Background information: He was surprisingly good to others, which I’ve mentioned before. I have never grasp that fully until I started reading about narcissistic tendencies. He was never giving to me, never generous to me in any way, but always trying to impress others. Others in life that he didn’t have. He also tried to impress my friends, probably aiming to impress their families. This has harmed me a lot. Even turned me against my friends, never acted on it but I was seeing the contradiction and having feelings towards it. I spill something in the house, and I was treated so bad. But a friend of mine, a guest, spills something, breaks something, acts care-free, and doesn’t get anything besides more good behaviors. I saw all that, couldn’t say anything, couldn’t understand why, just observing. All in all, that was the friend that deserved her phone after phone because she was successful. I still have that friend, she is healthy, still successful. I did resented or had jealousy in the past, but not anymore. I have moved on from her, but kept that toxic feelings with other care-free people. Maybe really care-free this time. Got better observation skills maybe?

So this tendency to care for others in my dad, happened in secret santa. We shopped and got the boy I was giving the gift to – a nice toy, a nice ball and a something to hang on the wall. I still remember, it was a creative gift, moderate but not so cheap I feel, something that we thought of. He loved the gift. And then I was gifted something from another boy, that I didn’t think was bought for me. Maybe his mom bought a deodorant and she didn’t like the smell, so they gave it to me. I kind of got angry with that boy then, I told him that I was sorry and angry about it. He was clueless, maybe forgot the thing one hour later. I still remember that day and feel guilty because how irrespective of me to dislike a gift. I wouldn’t be able to direct my bad feelings towards my dad, I didn’t know who was responsible for that bad feeling. So I understand that misdirection now.
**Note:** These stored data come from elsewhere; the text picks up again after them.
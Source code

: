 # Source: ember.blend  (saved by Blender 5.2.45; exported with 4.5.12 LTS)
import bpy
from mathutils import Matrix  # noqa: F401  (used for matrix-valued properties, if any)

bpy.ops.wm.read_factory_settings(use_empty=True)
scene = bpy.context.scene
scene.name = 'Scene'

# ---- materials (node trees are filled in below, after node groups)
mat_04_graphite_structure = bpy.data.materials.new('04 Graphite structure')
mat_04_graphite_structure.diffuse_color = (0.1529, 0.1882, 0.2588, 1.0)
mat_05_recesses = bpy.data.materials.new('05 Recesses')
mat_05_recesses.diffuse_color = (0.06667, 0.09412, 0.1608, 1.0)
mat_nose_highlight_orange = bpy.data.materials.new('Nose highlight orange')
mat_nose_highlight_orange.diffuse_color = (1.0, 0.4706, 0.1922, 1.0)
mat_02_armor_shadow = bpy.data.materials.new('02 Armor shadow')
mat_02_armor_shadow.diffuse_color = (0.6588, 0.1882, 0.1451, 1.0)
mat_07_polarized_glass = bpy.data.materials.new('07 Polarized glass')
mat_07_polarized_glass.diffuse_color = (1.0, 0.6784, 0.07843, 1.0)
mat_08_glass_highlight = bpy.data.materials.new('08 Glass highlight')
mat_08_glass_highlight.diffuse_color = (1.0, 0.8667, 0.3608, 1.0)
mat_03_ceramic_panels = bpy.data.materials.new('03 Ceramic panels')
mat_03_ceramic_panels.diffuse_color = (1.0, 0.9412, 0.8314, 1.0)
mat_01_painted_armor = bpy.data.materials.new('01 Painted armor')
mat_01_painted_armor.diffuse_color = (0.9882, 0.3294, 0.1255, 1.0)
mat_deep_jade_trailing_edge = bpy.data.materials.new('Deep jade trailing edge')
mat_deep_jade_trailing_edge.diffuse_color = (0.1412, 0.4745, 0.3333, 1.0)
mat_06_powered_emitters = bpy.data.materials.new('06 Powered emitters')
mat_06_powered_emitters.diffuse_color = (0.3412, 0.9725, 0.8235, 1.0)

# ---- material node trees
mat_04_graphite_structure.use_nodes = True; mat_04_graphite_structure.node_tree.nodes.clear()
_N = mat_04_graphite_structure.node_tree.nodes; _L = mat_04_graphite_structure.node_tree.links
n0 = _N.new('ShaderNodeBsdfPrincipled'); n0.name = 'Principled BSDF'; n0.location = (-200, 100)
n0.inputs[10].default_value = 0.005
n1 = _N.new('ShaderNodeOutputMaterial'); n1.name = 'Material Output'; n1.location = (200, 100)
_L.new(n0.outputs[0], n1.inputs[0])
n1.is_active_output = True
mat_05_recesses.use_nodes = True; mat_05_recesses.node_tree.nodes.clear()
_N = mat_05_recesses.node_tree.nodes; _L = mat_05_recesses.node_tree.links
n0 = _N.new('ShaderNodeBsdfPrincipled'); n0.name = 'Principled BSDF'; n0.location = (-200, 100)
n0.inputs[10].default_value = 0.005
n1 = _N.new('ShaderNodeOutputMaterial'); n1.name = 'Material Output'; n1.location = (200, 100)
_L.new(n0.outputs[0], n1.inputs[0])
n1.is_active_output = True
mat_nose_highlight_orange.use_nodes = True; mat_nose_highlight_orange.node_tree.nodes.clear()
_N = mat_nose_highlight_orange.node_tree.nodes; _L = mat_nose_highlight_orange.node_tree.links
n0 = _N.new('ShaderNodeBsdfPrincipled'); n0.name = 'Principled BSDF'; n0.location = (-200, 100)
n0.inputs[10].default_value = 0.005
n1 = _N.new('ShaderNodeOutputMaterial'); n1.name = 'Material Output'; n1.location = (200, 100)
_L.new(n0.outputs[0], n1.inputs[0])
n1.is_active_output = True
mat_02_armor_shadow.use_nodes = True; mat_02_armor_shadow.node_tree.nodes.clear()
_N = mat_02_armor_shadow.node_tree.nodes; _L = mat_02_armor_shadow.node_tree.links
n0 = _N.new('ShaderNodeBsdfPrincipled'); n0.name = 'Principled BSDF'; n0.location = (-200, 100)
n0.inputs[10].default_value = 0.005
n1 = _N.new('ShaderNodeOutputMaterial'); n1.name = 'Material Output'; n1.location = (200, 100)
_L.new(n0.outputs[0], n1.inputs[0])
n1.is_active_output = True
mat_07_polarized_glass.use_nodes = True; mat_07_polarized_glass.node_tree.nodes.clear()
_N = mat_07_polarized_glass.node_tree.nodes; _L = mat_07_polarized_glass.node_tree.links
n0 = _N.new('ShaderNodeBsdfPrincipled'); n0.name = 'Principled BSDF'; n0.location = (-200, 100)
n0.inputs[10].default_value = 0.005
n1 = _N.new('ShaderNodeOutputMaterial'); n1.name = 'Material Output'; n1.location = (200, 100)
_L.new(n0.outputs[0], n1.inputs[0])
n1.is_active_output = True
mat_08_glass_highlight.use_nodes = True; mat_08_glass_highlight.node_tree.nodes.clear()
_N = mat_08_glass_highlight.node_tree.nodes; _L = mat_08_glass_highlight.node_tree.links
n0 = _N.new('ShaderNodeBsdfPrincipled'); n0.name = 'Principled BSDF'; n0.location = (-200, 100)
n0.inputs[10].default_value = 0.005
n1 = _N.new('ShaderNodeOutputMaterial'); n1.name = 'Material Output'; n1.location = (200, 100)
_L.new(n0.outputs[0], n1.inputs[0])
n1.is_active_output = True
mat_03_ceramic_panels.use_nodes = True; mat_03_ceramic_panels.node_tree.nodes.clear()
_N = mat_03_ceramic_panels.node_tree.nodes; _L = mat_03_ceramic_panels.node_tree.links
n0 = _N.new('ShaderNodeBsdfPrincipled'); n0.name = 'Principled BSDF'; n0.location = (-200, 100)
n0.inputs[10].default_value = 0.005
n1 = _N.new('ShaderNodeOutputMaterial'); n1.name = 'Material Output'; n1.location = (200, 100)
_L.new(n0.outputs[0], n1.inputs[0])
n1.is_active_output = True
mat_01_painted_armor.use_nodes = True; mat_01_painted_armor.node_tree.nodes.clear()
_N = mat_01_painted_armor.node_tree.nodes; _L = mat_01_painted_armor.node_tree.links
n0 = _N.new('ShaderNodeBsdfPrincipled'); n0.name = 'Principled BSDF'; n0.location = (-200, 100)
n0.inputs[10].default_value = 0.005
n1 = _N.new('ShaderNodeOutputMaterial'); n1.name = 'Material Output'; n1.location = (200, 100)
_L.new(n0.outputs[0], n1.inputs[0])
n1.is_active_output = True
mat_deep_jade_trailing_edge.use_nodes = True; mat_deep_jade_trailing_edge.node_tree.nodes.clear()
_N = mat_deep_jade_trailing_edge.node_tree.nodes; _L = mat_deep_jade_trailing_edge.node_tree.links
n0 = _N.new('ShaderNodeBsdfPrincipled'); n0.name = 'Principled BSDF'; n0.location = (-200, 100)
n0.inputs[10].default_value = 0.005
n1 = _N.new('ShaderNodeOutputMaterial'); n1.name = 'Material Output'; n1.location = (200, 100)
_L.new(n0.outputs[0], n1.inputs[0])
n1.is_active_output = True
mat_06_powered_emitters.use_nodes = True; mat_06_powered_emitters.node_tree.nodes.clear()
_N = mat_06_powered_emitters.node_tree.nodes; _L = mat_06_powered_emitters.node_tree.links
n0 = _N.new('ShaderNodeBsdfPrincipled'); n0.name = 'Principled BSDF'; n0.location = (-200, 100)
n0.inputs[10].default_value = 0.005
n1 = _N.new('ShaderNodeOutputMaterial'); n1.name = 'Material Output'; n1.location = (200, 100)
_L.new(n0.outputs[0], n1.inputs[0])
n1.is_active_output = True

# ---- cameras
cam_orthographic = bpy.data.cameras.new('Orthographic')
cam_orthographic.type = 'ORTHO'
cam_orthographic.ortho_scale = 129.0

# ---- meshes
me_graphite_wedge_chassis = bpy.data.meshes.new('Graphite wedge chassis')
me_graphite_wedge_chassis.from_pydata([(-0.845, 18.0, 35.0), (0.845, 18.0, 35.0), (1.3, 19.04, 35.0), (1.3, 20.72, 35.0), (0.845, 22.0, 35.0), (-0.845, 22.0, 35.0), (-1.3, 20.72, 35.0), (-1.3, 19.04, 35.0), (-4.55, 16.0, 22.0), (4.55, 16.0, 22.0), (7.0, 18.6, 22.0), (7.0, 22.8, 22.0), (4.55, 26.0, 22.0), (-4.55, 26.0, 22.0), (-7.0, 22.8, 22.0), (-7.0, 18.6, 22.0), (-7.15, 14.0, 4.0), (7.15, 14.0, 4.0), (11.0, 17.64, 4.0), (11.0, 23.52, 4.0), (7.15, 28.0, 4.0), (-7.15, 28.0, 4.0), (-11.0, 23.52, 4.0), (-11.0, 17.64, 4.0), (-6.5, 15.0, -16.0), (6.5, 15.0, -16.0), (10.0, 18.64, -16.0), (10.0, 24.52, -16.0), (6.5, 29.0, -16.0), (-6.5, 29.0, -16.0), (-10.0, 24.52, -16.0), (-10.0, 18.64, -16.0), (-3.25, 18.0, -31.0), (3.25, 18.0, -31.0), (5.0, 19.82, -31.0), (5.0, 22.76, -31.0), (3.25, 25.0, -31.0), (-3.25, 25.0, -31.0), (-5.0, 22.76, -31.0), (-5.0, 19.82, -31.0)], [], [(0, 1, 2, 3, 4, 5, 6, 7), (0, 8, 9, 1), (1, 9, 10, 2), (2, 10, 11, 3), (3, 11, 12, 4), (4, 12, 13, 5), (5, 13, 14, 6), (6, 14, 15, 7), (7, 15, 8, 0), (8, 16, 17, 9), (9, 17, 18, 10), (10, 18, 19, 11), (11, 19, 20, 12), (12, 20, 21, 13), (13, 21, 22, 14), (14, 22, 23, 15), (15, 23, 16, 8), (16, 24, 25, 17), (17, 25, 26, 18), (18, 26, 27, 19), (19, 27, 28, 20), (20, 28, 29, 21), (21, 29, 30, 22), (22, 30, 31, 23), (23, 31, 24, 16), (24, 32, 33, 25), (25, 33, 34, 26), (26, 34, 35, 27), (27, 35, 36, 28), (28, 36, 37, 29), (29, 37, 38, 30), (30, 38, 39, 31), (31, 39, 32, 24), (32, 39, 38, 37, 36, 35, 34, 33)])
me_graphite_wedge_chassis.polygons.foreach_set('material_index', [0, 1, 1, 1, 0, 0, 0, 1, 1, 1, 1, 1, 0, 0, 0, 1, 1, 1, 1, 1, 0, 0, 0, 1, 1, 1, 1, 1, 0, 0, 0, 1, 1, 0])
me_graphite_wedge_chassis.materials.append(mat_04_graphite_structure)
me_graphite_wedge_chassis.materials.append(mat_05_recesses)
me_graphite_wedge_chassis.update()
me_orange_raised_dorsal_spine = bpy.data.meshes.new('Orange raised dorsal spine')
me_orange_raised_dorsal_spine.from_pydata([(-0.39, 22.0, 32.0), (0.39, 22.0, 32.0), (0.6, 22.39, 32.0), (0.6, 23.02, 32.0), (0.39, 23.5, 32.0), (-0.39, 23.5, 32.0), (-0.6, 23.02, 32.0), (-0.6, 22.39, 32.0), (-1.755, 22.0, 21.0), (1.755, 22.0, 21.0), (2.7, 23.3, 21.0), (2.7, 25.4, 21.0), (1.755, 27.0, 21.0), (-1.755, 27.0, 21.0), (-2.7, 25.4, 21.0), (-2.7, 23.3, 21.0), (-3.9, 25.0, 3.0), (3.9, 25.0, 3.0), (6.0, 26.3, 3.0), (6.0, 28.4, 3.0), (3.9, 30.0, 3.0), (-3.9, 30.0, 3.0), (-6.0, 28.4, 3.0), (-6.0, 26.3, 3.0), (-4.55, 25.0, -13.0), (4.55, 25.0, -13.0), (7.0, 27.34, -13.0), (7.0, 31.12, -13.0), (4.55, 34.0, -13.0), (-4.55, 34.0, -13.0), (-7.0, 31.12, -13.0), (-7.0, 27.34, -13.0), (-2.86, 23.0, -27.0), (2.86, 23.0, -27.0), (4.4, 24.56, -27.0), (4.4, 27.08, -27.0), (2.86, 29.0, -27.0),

Maybe I still feel conflicted, confused about these. My BF is a generous person, I know that in theory, feeling it, but haven’t experienced that yet in a way that would make me sure. He got me one gift that felt good, it was last year’s new year. I felt so confused because of that. Then I started to think to myself, maybe I am becoming like that at last, receiving and giving expensive gifts. Then there were financial instabilities in his life, and my house got confusing, the lawsuit, the expenses of the lawsuit and all, I’ve still been paying for most of the expenses there even though I rented a house here in another country. I didn’t want to ask from him in a bad way, so I just said to myself, one more month of rent, one more, one more till I feel insecure. This was possible because I worked two jobs at the same time last year. Maybe me doing that, not asking him to pay directly, was a result of me thinking he was not in a perfect situation and I didn’t want him to feel uncomfortable. He was not like not paying for anything, he offered me his help in different ways. I haven’t took most of them, but accepted once. So maybe I also felt bad there, I was thinking about so many stuff, in order to not hurt anyone, and actually, the surprising thing is that I am able to do that. I have worked a lot and maybe I was lucky in saving money. But learning about how he actually sent lots of money to his sister for a phone, which is older than me, feels bad. I hate these thoughts, I shouldn’t be thinking about these stuff. But I do. I haven’t said anything when he told me that, I just responded randomly and then we got off the phone and then I started crying. Writing these, I see it more clearly, but I don’t think sharing these thoughts with him would result in a good way. Maybe omitting the sister part, and then talking about it would make more sense.